Saturday, September 24, 2011

The Coast

The day after seeing the hill towns, we moved on to the coast. We made an afternoon stop in Jerez on the way to the coast from Arcos. For those of you that aren’t wine geeks, Jerez is where sherry comes from. While I’m a huge wine drinker, sherry is a category I don’t indulge in very much, so I figured it would be a good way to educate myself on this very different style of wine. The uniqueness of the process by which it’s made and the widely varying styles in which it’s available makes sherry a pretty complex subject, so I was looking forward to educating myself a little more. We ended up going on two sherry tours (we had planned on only doing one so we could also see the Analusian Horse riding performance that is the other big draw in Jerez, bur unfortunately the horsies were sold out). The tours were targeted at the average tourist and were thus a little more high-level than a hard-core wine geek like myself would have preferred, but I still ended up learning some things and met some pretty cool people that were also taking the tour with us. My response to the tastings we had were somewhat mixed—a couple of the wines were something I enjoyed, but several of the sherries we had didn’t turn my crank at all. When I get home and try to duplicate some of the cooking I’ve had here I’ll maybe try some other producers which I may like more, but overall I’m still not sure if dry sherry is my thing. I specify dry sherry there as the sweet Pedro Ximinez sherry dessert wines are definitely my thing, and have been since long before this trip. The PX sherries are something Juls has some to appreciate on this trip, and she’s been drinking them like they’re going out of style.

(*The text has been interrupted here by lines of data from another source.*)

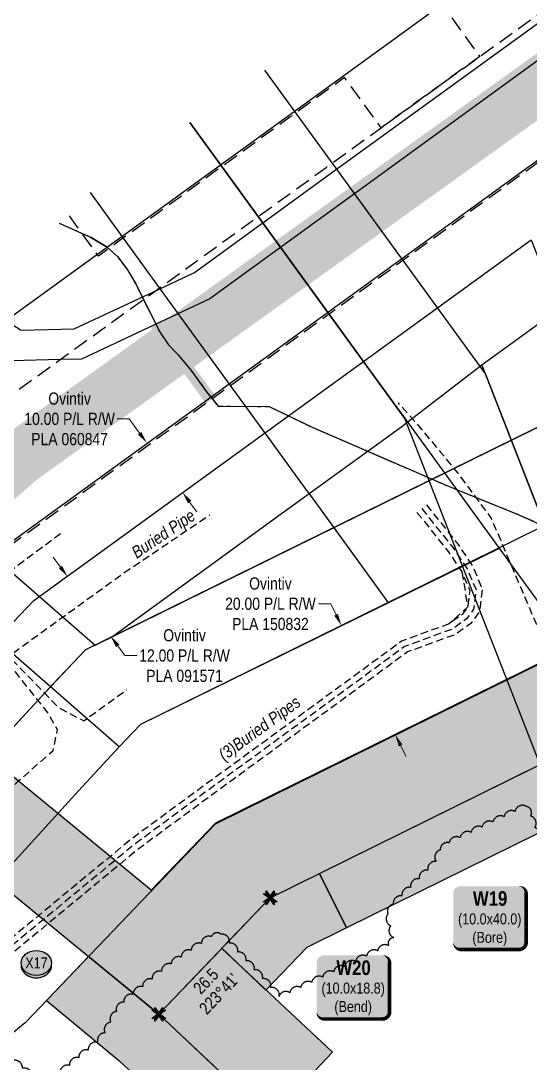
# Model space of a CAD drawing. Extents: x 391856 to 401992, y 6055951 to 6064954.
# Drawn here: x 392916 to 393335, y 6060499 to 6061356 of the extents above; entities that cross this region are included whole.
import ezdxf
from ezdxf.enums import TextEntityAlignment as Align

# ---------------------------------------------------------------- set-up
doc = ezdxf.new("R2010")
doc.units = 0
doc.header["$LTSCALE"] = 5
doc.header["$PDSIZE"] = 0.5
for name, pattern in [('0', [1, 1, 0]), ('foc-ACCESSROAD', [3.75, 2.5, -1.25]), ('foc-TOPO-ephemeral', [6.25, 3.125, -0.625, 0.625, -0.625, 0.625, -0.625]), ('UG_PIPE', [1.875, 1.25, -0.625])]:
    doc.linetypes.add(name, pattern=pattern)
doc.layers.get('Defpoints').update_dxf_attribs({"color": 9})
doc.layers.add('AS-GENERAL', color=48, linetype='Continuous', lineweight=18)
doc.layers.add('F-RW-T', color=190, linetype='Continuous', lineweight=9)
for name, color, linetype in [('AS-PIPE-UG', 44, 'UG_PIPE'), ('AS-PIPE-UG-T', 44, 'Continuous'), ('AS-ROADS', 254, 'Continuous'), ('C-RW', 13, 'Continuous'), ('F-AR', 190, 'foc-ACCESSROAD'), ('F-RW', 190, 'Continuous'), ('F-WS', 190, 'foc-ACCESSROAD'), ('L-BD1', 253, 'Continuous'), ('L-MON', 1, 'Continuous'), ('P-CROSSINGS', 250, 'Continuous'), ('P-PROPOSED', 10, 'Continuous'), ('P-PROPOSED-H', 21, 'Continuous'), ('P-TEMP-BLOCKS', 250, 'Continuous'), ('P-TEMP-BLUE', 146, 'Continuous'), ('T-BUSH', 110, '0'), ('T-DRAW', 143, 'foc-TOPO-ephemeral')]:
    doc.layers.add(name, color=color, linetype=linetype)
doc.layers.add('P-TEMP-BLUE-H', color=7, linetype='Continuous', true_color=0x99e6ff)
doc.styles.add('80', font='ARIALN.TTF', dxfattribs={"height": 10})
doc.styles.add('80CG', font='ARIALN.TTF', dxfattribs={"height": 10})
doc.styles.add('80L', font='ARIALN.TTF', dxfattribs={"height": 10})
doc.styles.add('BOLD', font='ARIALNB.TTF')
doc.styles.add('Crossing', font='ARIALN.TTF', dxfattribs={"height": 10})
doc.styles.add('foc-LtypeFont', font='ARIALN.TTF', dxfattribs={"height": 7.35})
doc.linetypes.add('foc-TOPO-flowdirection-NOLINE', pattern='A,0,[">",foc-LtypeFont,S=0.3,R=0,X=0,Y=-0.945],-20,[">",foc-LtypeFont,S=0.3,R=0,X=0,Y=-0.945],0', length=20)
doc.dimstyles.new('Compass 5 000', dxfattribs={"dimscale": 5, "dimtxt": 9, "dimasz": 2, "dimexe": 0.2, "dimexo": 0.0625, "dimgap": 0.5, "dimtad": 0, "dimtih": 1, "dimtoh": 1, "dimzin": 0, "dimdsep": 46, "dimtxsty": '80CG', "dimcen": 0.1, "dimse1": 1, "dimse2": 1, "dimclrd": 256, "dimclrt": 256, "dimaunit": 1, "dimadec": 4, "dimazin": 0, "dimtfac": 0.06, "dimtofl": 0, "dimtmove": 0, "dimatfit": 1, "dimfxl": 0.2, "dimtolj": 1, "dimtzin": 0, "dimlwd": -1, "dimarcsym": 0})

# ---------------------------------------------------------------- blocks, each defined once
blk = doc.blocks.new('*D105')
at = {"layer": 'Defpoints', "color": 0, "transparency": 16777216}
for p in [(393179.51, 6060858.83), (393126.54, 6060832.69), (393170.8, 6060743.04)]:
    blk.add_point(p, dxfattribs=at)
at = {"layer": 'F-RW-T', "transparency": 16777216}
for p, q in [((393170.65, 6060876.78), (393160.65, 6060876.78)), ((393175.09, 6060867.8), (393170.65, 6060876.78)), ((393228.19, 6060760.22), (393232.62, 6060751.25))]:
    blk.add_line(p, q, dxfattribs=at)
for points in [[(393176.58, 6060868.54), (393173.59, 6060867.06), (393179.51, 6060858.83)], [(393229.69, 6060760.96), (393226.7, 6060759.48), (393223.77, 6060769.19)]]:
    blk.add_solid(points, dxfattribs=at)
at = {"layer": 'F-RW-T', "transparency": 16777216, "insert": (393121.11, 6060876.78), "char_height": 10, "attachment_point": 5, "style": '80CG'}
blk.add_mtext('\\A1;Ovintiv\\P20.00 P/L R/W\\PPLA 150832', dxfattribs=at)
blk = doc.blocks.new('*D108')
at = {"layer": 'Defpoints', "color": 0, "transparency": 16777216}
for p in [(393012.84, 6061004.25), (393019.42, 6061009.03), (393042.21, 6060963.79)]:
    blk.add_point(p, dxfattribs=at)
at = {"layer": 'F-RW-T', "transparency": 16777216}
for p, q in [((393005.04, 6061028.85), (392995.04, 6061028.85)), ((393013.55, 6061017.12), (393005.04, 6061028.85)), ((393054.67, 6060960.47), (393060.54, 6060952.38))]:
    blk.add_line(p, q, dxfattribs=at)
for points in [[(393014.9, 6061018.1), (393012.2, 6061016.14), (393019.42, 6061009.03)], [(393056.01, 6060961.45), (393053.32, 6060959.49), (393048.79, 6060968.57)]]:
    blk.add_solid(points, dxfattribs=at)
at = {"layer": 'F-RW-T', "transparency": 16777216, "insert": (392955.96, 6061028.85), "char_height": 10, "attachment_point": 5, "style": '80CG'}
blk.add_mtext('\\A1;Ovintiv\\P10.00 P/L R/W\\PPLA 060847', dxfattribs=at)
blk = doc.blocks.new('*D109')
at = {"layer": 'Defpoints', "color": 0, "transparency": 16777216}
for p in [(392972.34, 6060912.06), (393007.64, 6060863.47), (392989.63, 6060850.38)]:
    blk.add_point(p, dxfattribs=at)
at = {"layer": 'F-RW-T', "transparency": 16777216}
for p, q in [((392948.45, 6060907.06), (392942.57, 6060915.15)), ((392995.51, 6060842.29), (393001.4, 6060834.18)), ((393001.4, 6060834.18), (393011.4, 6060834.18))]:
    blk.add_line(p, q, dxfattribs=at)
for points in [[(392949.8, 6060908.04), (392947.1, 6060906.08), (392954.33, 6060898.97)], [(392996.86, 6060843.27), (392994.16, 6060841.31), (392989.63, 6060850.38)]]:
    blk.add_solid(points, dxfattribs=at)
at = {"layer": 'F-RW-T', "transparency": 16777216, "insert": (393050.49, 6060834.18), "char_height": 10, "attachment_point": 5, "style": '80CG'}
blk.add_mtext('\\A1;Ovintiv\\P12.00 P/L R/W\\PPLA 091571', dxfattribs=at)
blk = doc.blocks.new('*U65')
at = {"true_color": 0x99e6ff}
h = blk.add_hatch(color=141, dxfattribs=at)
edge = h.paths.add_edge_path()
edge.add_line((-24, -33.83), (24, -33.83))
edge.add_arc((24, -27.83), 6, 270, 360)
edge.add_line((30, -27.83), (30, 12.5))
edge.add_arc((24, 12.5), 6, 0, 90)
edge.add_line((24, 18.5), (-24, 18.5))
edge.add_arc((-24, 12.5), 6, 90, 180)
edge.add_line((-30, 12.5), (-30, -27.83))
edge.add_arc((-24, -27.83), 6, 180, 270)
at = {"color": 250, "flags": 128}
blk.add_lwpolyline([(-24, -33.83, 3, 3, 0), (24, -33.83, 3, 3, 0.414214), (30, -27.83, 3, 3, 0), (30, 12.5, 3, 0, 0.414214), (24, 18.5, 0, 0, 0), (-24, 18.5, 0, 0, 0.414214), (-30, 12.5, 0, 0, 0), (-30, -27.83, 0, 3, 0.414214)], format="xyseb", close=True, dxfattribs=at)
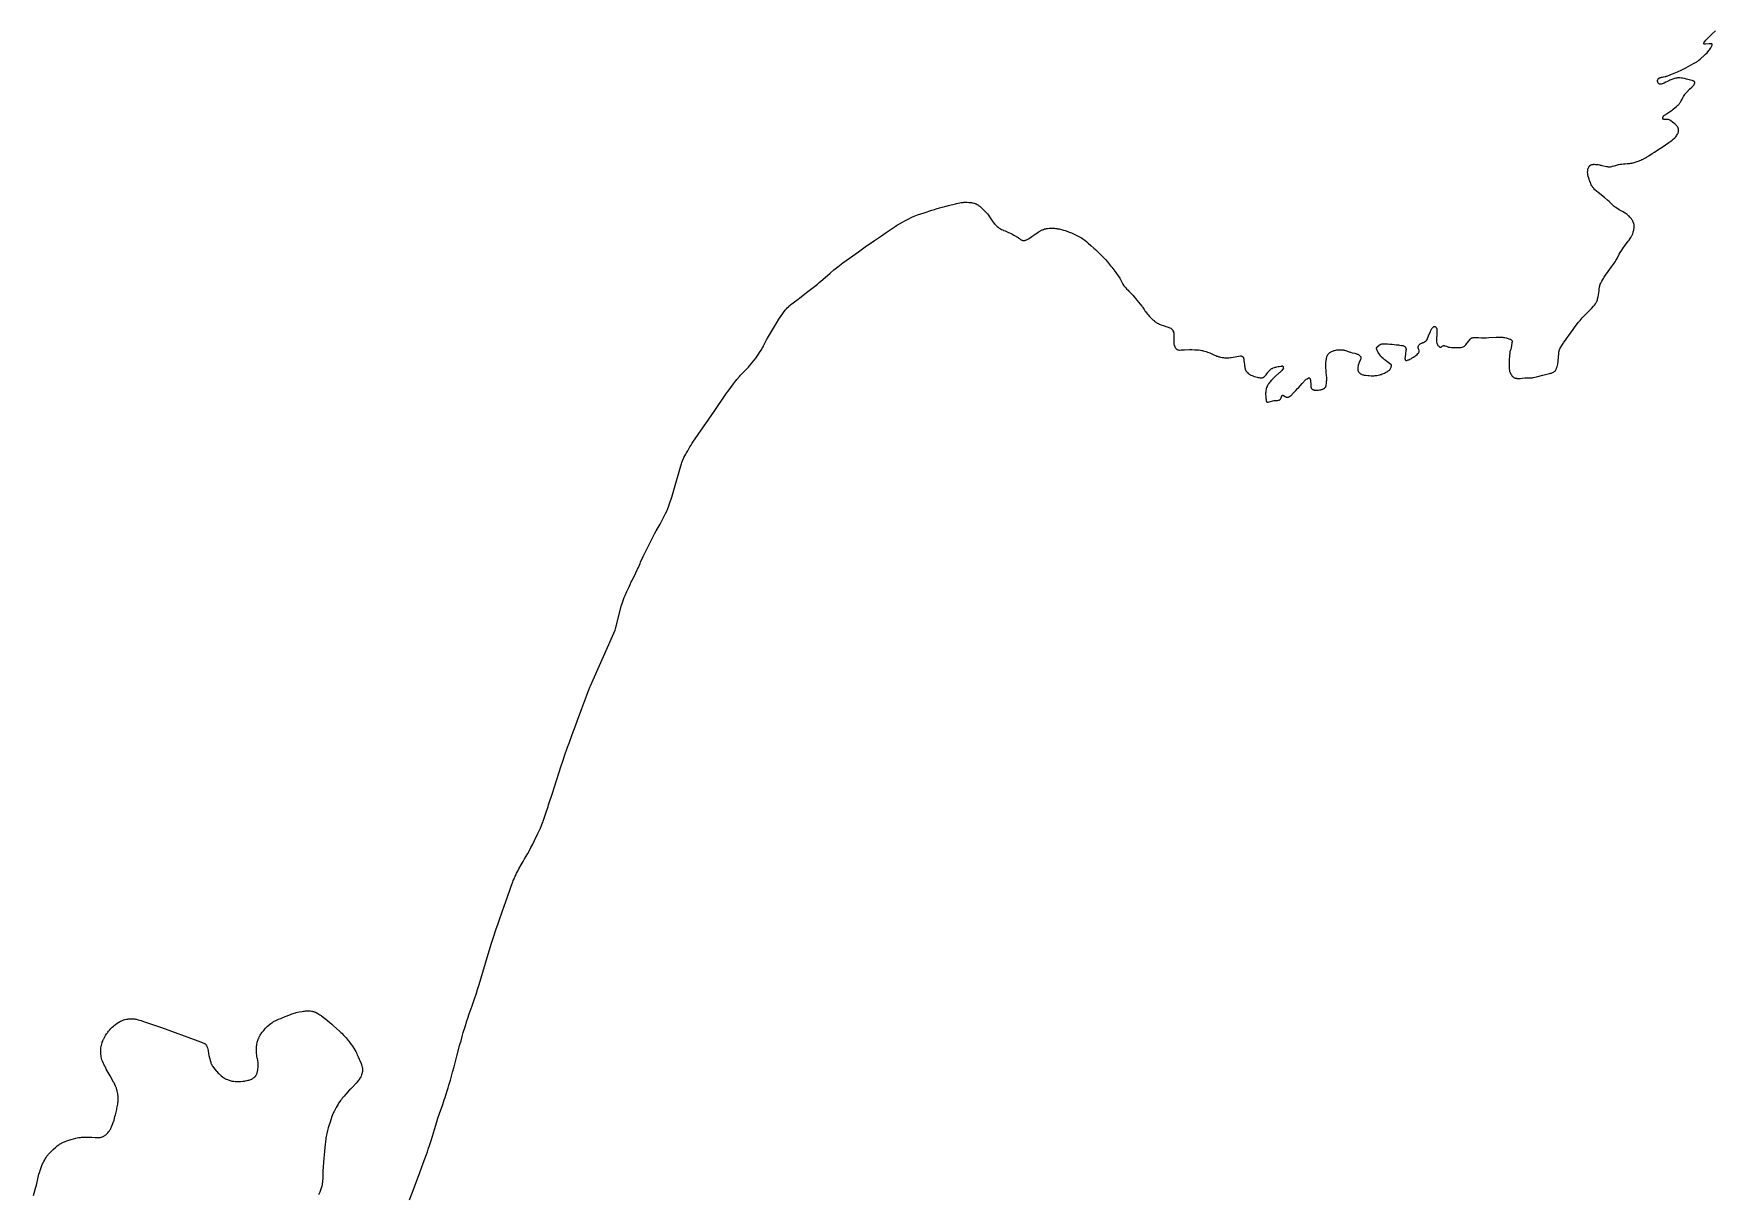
# Model space of a CAD drawing. Header units: millimetres. Extents: x 642261 to 742091, y 6812581 to 6930561.
# Drawn here: x 731309 to 732724, y 6886223 to 6887200 of the extents above; entities that cross this region are included whole.
import ezdxf

# ---------------------------------------------------------------- set-up
doc = ezdxf.new("R2010")
doc.units = ezdxf.units.MM
doc.layers.add('LimiteRegional', color=10, linetype='Continuous')

msp = doc.modelspace()

# ---------------------------------------------------------------- linework, layer by layer
at = {"layer": 'LimiteRegional', "color": 7, "linetype": 'Continuous'}
for points in [[(731625.435, 6886218.5771), (731627.372, 6886223.713), (731631.284, 6886233.9711), (731634.2091, 6886241.668), (731637.086, 6886249.383), (731638.494, 6886253.251), (731640.557, 6886259.0711), (731641.266, 6886261.1441), (731642.6321, 6886265.3061), (731643.9462, 6886269.4861), (731646.509, 6886277.8661), (731648.461, 6886284.141), (731649.4741, 6886287.2662), (731650.785, 6886291.1302), (731653.497, 6886298.8291), (731654.829, 6886302.687), (731655.474, 6886304.622), (731657.0411, 6886309.538), (731658.042, 6886312.8291), (731658.694, 6886315.0281), (731659.9621, 6886319.4361), (731661.796, 6886326.0701), (731662.986, 6886330.503), (731665.3302, 6886339.3801), (731667.987, 6886349.361), (731668.8592, 6886352.5178), (731669.82, 6886355.995), (731670.767, 6886359.303), (731672.2359, 6886364.2491), (731673.776, 6886369.173), (731674.576, 6886371.626), (731675.761, 6886375.053), (731678.263, 6886381.8631), (731679.486, 6886385.278), (731680.069, 6886386.995), (731681.949, 6886392.662), (731682.871, 6886395.5011), (731684.2, 6886399.776), (731689.588, 6886417.826), (731694.362, 6886433.8951), (731695.595, 6886437.9101), (731696.446, 6886440.5781), (731698.206, 6886445.894), (731700.025, 6886451.1909), (731700.6377, 6886452.928), (731703.752, 6886461.7581), (731706.539, 6886469.6871), (731709.823, 6886479.306), (731710.962, 6886482.4951), (731711.553, 6886484.0821), (731712.37, 6886486.187), (731712.7941, 6886487.2341), (731713.449, 6886488.7971), (731714.486, 6886491.1231), (731715.1511, 6886492.516), (731715.61, 6886493.4361), (731716.56, 6886495.2571), (731717.5441, 6886497.06), (731719.567, 6886500.6331), (731721.088, 6886503.3121), (731722.395, 6886505.608), (731725.0361, 6886510.1811), (731726.973, 6886513.637), (731727.747, 6886515.082), (731729.241, 6886517.9969), (731730.681, 6886520.94), (731733.4781, 6886526.87), (731735.614, 6886531.4471), (731736.631, 6886533.756), (731737.269, 6886535.3111), (731737.573, 6886536.0951), (731738.005, 6886537.2801), (731739.403, 6886541.3501), (731740.3141, 6886544.069), (731742.1011, 6886549.518), (731742.6121, 6886551.0904), (731745.8201, 6886560.9611), (731752.986, 6886582.991), (731754.8, 6886588.48), (731756.033, 6886592.1321), (731758.552, 6886599.417), (731759.835, 6886603.052), (731762.444, 6886610.306), (731765.101, 6886617.5442), (731766.8939, 6886622.3611), (731770.52, 6886631.979), (731773.919, 6886640.9321), (731774.7701, 6886643.2381), (731775.8831, 6886646.321), (731776.454, 6886647.8572), (731777.358, 6886650.1411), (731777.8411, 6886651.271), (731798.515, 6886698.152), (731798.7939, 6886699.2183), (731803.971, 6886719.0111), (731804.346, 6886720.333), (731804.623, 6886721.206), (731805.232, 6886722.9332), (731805.561, 6886723.7892), (731806.2541, 6886725.489), (731806.982, 6886727.176), (731808.471, 6886730.5371), (731810.2541, 6886734.568), (731811.168, 6886736.5721), (731812.11, 6886738.5631), (731812.595, 6886739.551), (731814.135, 6886742.5861), (731815.8861, 6886746.1551), (731817.354, 6886749.239), (731818.0621, 6886750.793), (731818.684, 6886752.231), (731819.489, 6886754.1591), (731819.9, 6886755.12), (731821.323, 6886758.3461), (731821.9873, 6886759.7967), (731822.057, 6886759.949), (731822.8619, 6886761.6631), (731824.507, 6886765.074), (731826.191, 6886768.466), (731827.332, 6886770.718), (731829.647, 6886775.207), (731831.964, 6886779.578), (731833.152, 6886781.7469), (731836.347, 6886787.349), (731837.263, 6886789.0081), (731839.055, 6886792.347), (731840.386, 6886794.9491), (731841.022, 6886796.266), (731841.937, 6886798.26), (731842.819, 6886800.341), (731843.371, 6886801.741), (731843.7251, 6886802.68), (731844.4, 6886804.571), (731845.613, 6886808.172), (731846.173, 6886809.987), (731847.281, 6886813.772), (731853.809, 6886836.2182), (731854.391, 6886838.0959), (731854.708, 6886839.0262), (731855.22, 6886840.41), (731855.78, 6886841.7779), (731856.079, 6886842.4551), (731856.431, 6886843.212), (731857.172, 6886844.701), (731857.957, 6886846.166), (731858.4981, 6886847.1322), (731859.614, 6886849.049), (731861.485, 6886852.2129), (731862.438, 6886853.783), (731863.421, 6886855.334), (731863.929, 6886856.0991), (731868.364, 6886862.653), (731877.299, 6886875.713), (731882.303, 6886882.9741), (731892.362, 6886897.4589), (731893.506, 6886899.078), (731895.847, 6886902.2761), (731898.253, 6886905.4261), (731899.888, 6886907.5031), (731900.991, 6886908.8771), (731903.223, 6886911.606), (731904.0779, 6886912.597), (731904.667, 6886913.239), (731905.879, 6886914.4941), (731909.6, 6886918.1812), (731910.798, 6886919.451), (731911.377, 6886920.1041), (731913.271, 6886922.352), (731914.195, 6886923.4941), (731915.55, 6886925.2311), (731916.87, 6886926.9991), (731917.517, 6886927.895), (731919.25, 6886930.3951), (731920.089, 6886931.661), (731921.308, 6886933.5831), (731922.476, 6886935.537), (731923.039, 6886936.527), (731923.472, 6886937.3301), (731924.282, 6886938.9651), (731925.324, 6886941.1632), (731925.863, 6886942.2511), (731926.436, 6886943.3221), (731926.74, 6886943.848), (731930.071, 6886949.444), (731933.431, 6886955.094), (731934.193, 6886956.354), (731936.352, 6886959.7032), (731937.413, 6886961.284), (731938.537, 6886962.8961), (731940.845, 6886966.094), (731941.94, 6886967.525), (731942.509, 6886968.2221), (731943.392, 6886969.242), (731944.3141, 6886970.224), (731944.7899, 6886970.6991), (731945.775, 6886971.615), (731946.285, 6886972.054), (731947.071, 6886972.687), (731949.366, 6886974.3991), (731952.447, 6886976.64), (731953.97, 6886977.7851), (731960.7369, 6886982.998), (731966.3251, 6886987.308), (731968.716, 6886989.206), (731970.285, 6886990.503), (731973.379, 6886993.15), (731979.51, 6886998.5171), (731982.609, 6887001.157), (731984.709, 6887002.8739), (731985.773, 6887003.7159), (731987.39, 6887004.952), (731990.197, 6887007.032), (731995.855, 6887011.1281), (732003.252, 6887016.4241), (732010.088, 6887021.335), (732012.335, 6887022.9161), (732016.8609, 6887026.0309), (732022.597, 6887029.963), (732026.434, 6887032.5631), (732034.145, 6887037.717), (732035.3761, 6887038.5141), (732036.205, 6887039.033), (732037.879, 6887040.0409), (732040.424, 6887041.4961), (732042.138, 6887042.4381), (732045.59, 6887044.288), (732047.603, 6887045.333), (732048.624, 6887045.8192), (732049.665, 6887046.2631), (732050.193, 6887046.4651), (732052.952, 6887047.4491), (732058.495, 6887049.333), (732064.889, 6887051.4371), (732067.104, 6887052.1311), (732068.584, 6887052.577), (732071.553, 6887053.433), (732076.027, 6887054.6451), (732079.023, 6887055.418), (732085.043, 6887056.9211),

While we’re on the subject of wine, I must say that the ubiquity of high quality wine at bargain-basement prices here has been one of the highlights of the trip. The average cost of a bottle of wine we’d get at a restaurant has been around $18-20, and even though we are getting two bottles every day (one lunch, one dinner), almost every single one of them has been quite good. I can’t remember the last time I got a bottle in a restaurant in the US for under $40 which I enjoyed. Some of the inexpensive wines here we’ve gotten in the $15-$25 range have been fantastic, and are things I would have been pleased with had I spent $60 on the exact same bottle at a restaurant at home.

After the sherry tasting, we continued to Cádiz to start our drive along the coast. We didn’t stop there, but just drove through to check out the town and the huge port in the bay. After that, we made a beeline to Vejer de la Frontera, a small hilltop town with very strong Moorish roots in the Andalusian hills near the coast. This town was a delight as there wasn’t much tourism, and was a very local scene. All the whitewashed homes, the winding lanes which were more staircases than roads, and the heavy Moorish influence gave it Greek-island type feel, and it was very relaxing and a nice evening stop. I also had a really nice meal there, a seared duck breast with a red wine and sherry vinegar sauce and a wine-poached pear. I also didn’t get any fries (although there was no starch component at all on my plate, hhhhhmmmn), and while Juls got a big pile of fries with here steak, these were at least the best fries she had yet had.

The next day, we got back into the car and headed back along the coast, stopping briefly in Gibraltar and Marbella. Gibraltar was interesting as it is actually British Territory, not a city, and being part of the British Empire has a very Anglican feel to it, right down to the boxy red telephone booths. We actually had to go through customs to get in and out, although I don’t think the border guards sweated the details. All they did was look at our passports, and when we re-entered Spain the immigration agent only looked at my passport as I flashed it open from 5 feet away. Juls apparently never even got hers out of her bag. Whatever.

We actually didn’t go up to the top of the rock. If was a very cold, rainy, and foggy day, and you could barely see across the bay, let alone across the straight to Africa. We just ended up tooling around the town in a public bus to get a feel for the place. By far the most interesting part, though, was simply entering and exiting the country. Because the country is so small (just 2.5 sq miles, 1/3 of which is dominated by its namesake rock), there’s hardly any place to put a runway. The one and only place with sufficient space for an airplane runway is running parallel right along the border. Actually, that wasn’t even sufficient as they had to extend it out into the bay with reclaimed land. Due to this, you actually have to walk across the airstrip whenever you enter or leave the country. It’s got stop lights and signals like you’ve have a railroad crossing to keep you from crossing the runway then a plane is about to take off or lang. Pretty wacky.

After Gibraltar, we continued on along the Costa del Sol to Marbella and then headed inland to our final stop, Granada. The coast here was very beautiful, but I can see why our guidebook didn’t recommend staying along this part of the coast. It’s very developed, and appears to be more a set of resort-y beach towns littered with condos and timeshares for retired Europeans that want a tiny sliver of beach and lots of sun than they are places of historic or cultural interest.